**Problem to solve**: Would you go through the records below and copy each line with the string "insert"?

**The data**:
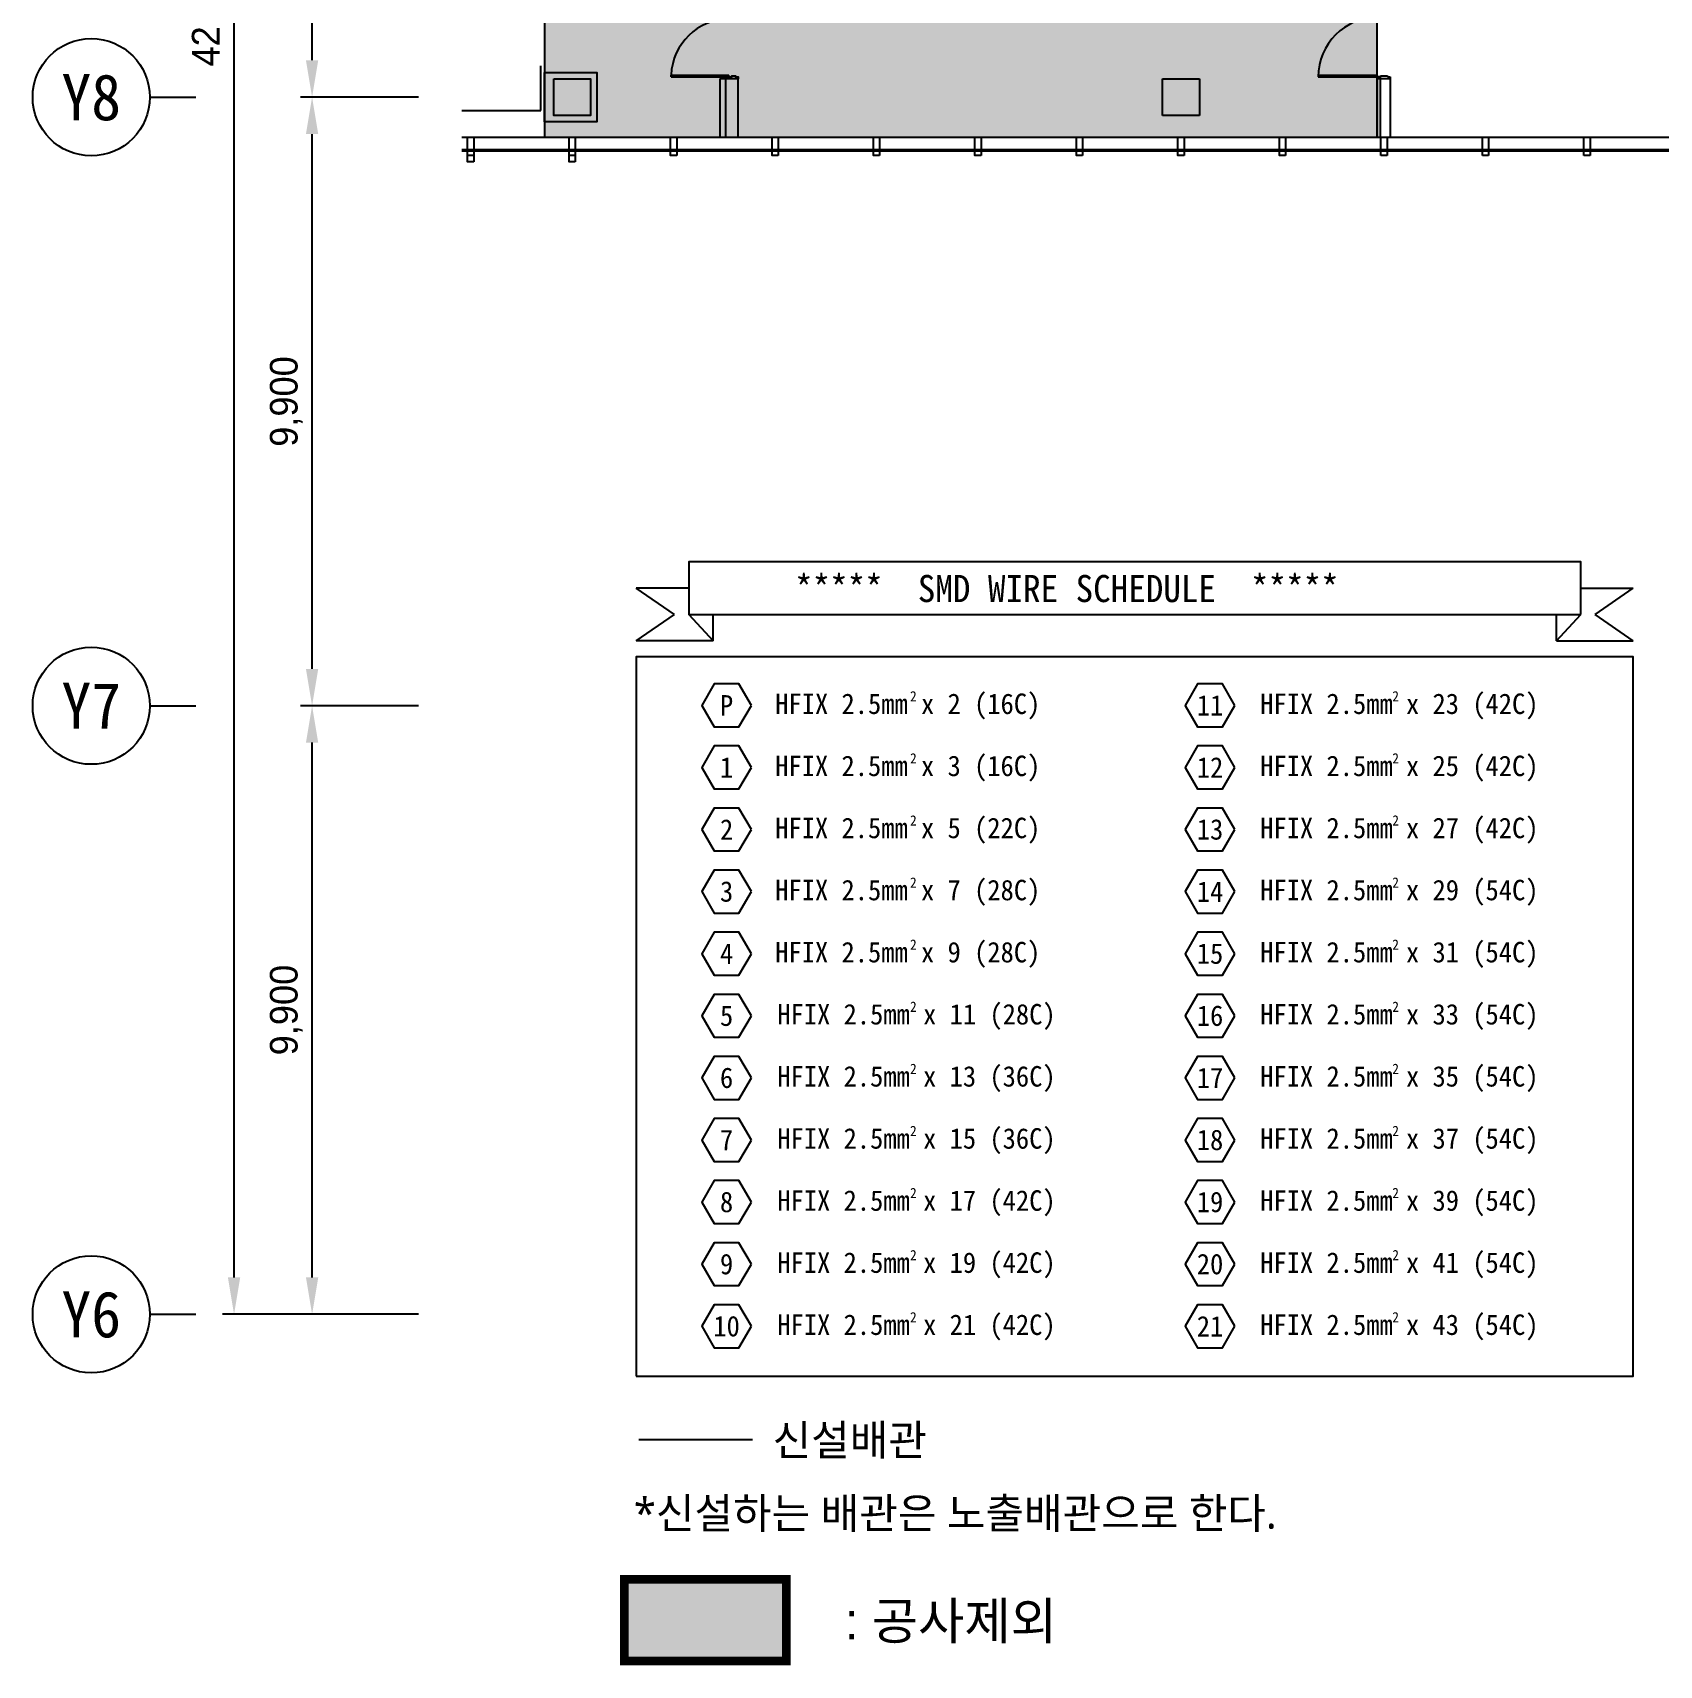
# Model space of a CAD drawing. Header units: millimetres. Extents: x 118559 to 211622, y 1329 to 63037.
# Drawn here: x 118559 to 145007, y 3484 to 30044 of the extents above; entities that cross this region are included whole.
import ezdxf
from ezdxf.enums import TextEntityAlignment as Align

# ---------------------------------------------------------------- set-up
doc = ezdxf.new("R2010")
doc.units = ezdxf.units.MM
doc.header["$LTSCALE"] = 120
doc.linetypes.add('HIDDEN', pattern=[9.525, 6.35, -3.175])
for name, color, linetype in [('ARCH', 9, 'Continuous'), ('fire', 2, 'Continuous'), ('fire-l', 4, 'Continuous'), ('공사제외', 5, 'Continuous')]:
    doc.layers.add(name, color=color, linetype=linetype)
doc.styles.add('SUKWOO', font='malgun.ttf')
doc.styles.add('TEST', font='')
doc.styles.add('돋움', font='')
doc.styles.add('울릉도l', font='')
doc.styles.get('TEST').set_extended_font_data('Dotum')
doc.styles.get('돋움').set_extended_font_data('DotumChe')
doc.styles.get('울릉도l').set_extended_font_data('Dotum')
doc.dimstyles.new('HS-300', dxfattribs={"dimscale": 150, "dimtxt": 3, "dimasz": 4, "dimexe": 1.25, "dimexo": 2, "dimgap": 1, "dimtad": 1, "dimtoh": 1, "dimdec": 0, "dimlunit": 6, "dimtxsty": '울릉도l', "dimcen": 2.5, "dimclrd": 15, "dimclre": 15, "dimadec": 0, "dimazin": 0, "dimtfac": 1, "dimtdec": 0, "dimtmove": 0, "dimatfit": 3, "dimfxl": 0, "dimarcsym": 0})

# ---------------------------------------------------------------- blocks, each defined once
blk = doc.blocks.new('MULLION_100X300')
blk.add_lwpolyline([(0, -50), (0, 50), (300, 50), (300, -50)], close=True)
blk = doc.blocks.new('*D10')
at = {"layer": 'ARCH', "color": 1, "lineweight": -2}
for p, q in [((124833, 28994, 0), (122914, 28994, 0)), ((123102, 19694, 0), (123102, 28394, 0)), ((124833, 19094, 0), (122914, 19094, 0))]:
    blk.add_line(p, q, dxfattribs=at)
at = {"layer": 'ARCH', "color": 1}
for points in [[(123002, 28394, 0), (123202, 28394, 0), (123102, 28994, 0)], [(123002, 19694, 0), (123202, 19694, 0), (123102, 19094, 0)]]:
    blk.add_solid(points, dxfattribs=at)
at = {"layer": 'ARCH', "color": 0, "insert": (122683, 24044, 0), "char_height": 450, "attachment_point": 5, "rotation": 90, "style": '울릉도l'}
blk.add_mtext('9,900', dxfattribs=at)
blk = doc.blocks.new('*D11')
at = {"layer": 'ARCH', "color": 1, "lineweight": -2}
for p, q in [((124833, 35594, 0), (122914, 35594, 0)), ((123102, 29594, 0), (123102, 34994, 0)), ((124833, 28994, 0), (122914, 28994, 0))]:
    blk.add_line(p, q, dxfattribs=at)
at = {"layer": 'ARCH', "color": 1}
for points in [[(123002, 34994, 0), (123202, 34994, 0), (123102, 35594, 0)], [(123002, 29594, 0), (123202, 29594, 0), (123102, 28994, 0)]]:
    blk.add_solid(points, dxfattribs=at)
at = {"layer": 'ARCH', "color": 0, "insert": (122683, 32294, 0), "char_height": 450, "attachment_point": 5, "rotation": 90, "style": '울릉도l'}
blk.add_mtext('6,600', dxfattribs=at)
blk = doc.blocks.new('주열마킹$0$')
blk.add_line((0, 5), (0, 0))
blk.add_circle((0, 11.35), 6.35)
at = {"color": 3, "style": '돋움'}
blk.add_attdef('NO', text='', height=5, dxfattribs=at).set_placement((0, 11.35), align=Align.MIDDLE_CENTER)
blk = doc.blocks.new('*D8')
at = {"layer": 'ARCH', "color": 1, "lineweight": -2}
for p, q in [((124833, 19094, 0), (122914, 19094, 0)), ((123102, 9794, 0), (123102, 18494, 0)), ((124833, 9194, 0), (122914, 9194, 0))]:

**Solved exercise**:
at = {"layer": 'ARCH', "color": 0, "insert": (122683, 24044, 0), "char_height": 450, "attachment_point": 5, "rotation": 90, "style": '울릉도l'}
at = {"layer": 'ARCH', "color": 0, "insert": (122683, 32294, 0), "char_height": 450, "attachment_point": 5, "rotation": 90, "style": '울릉도l'}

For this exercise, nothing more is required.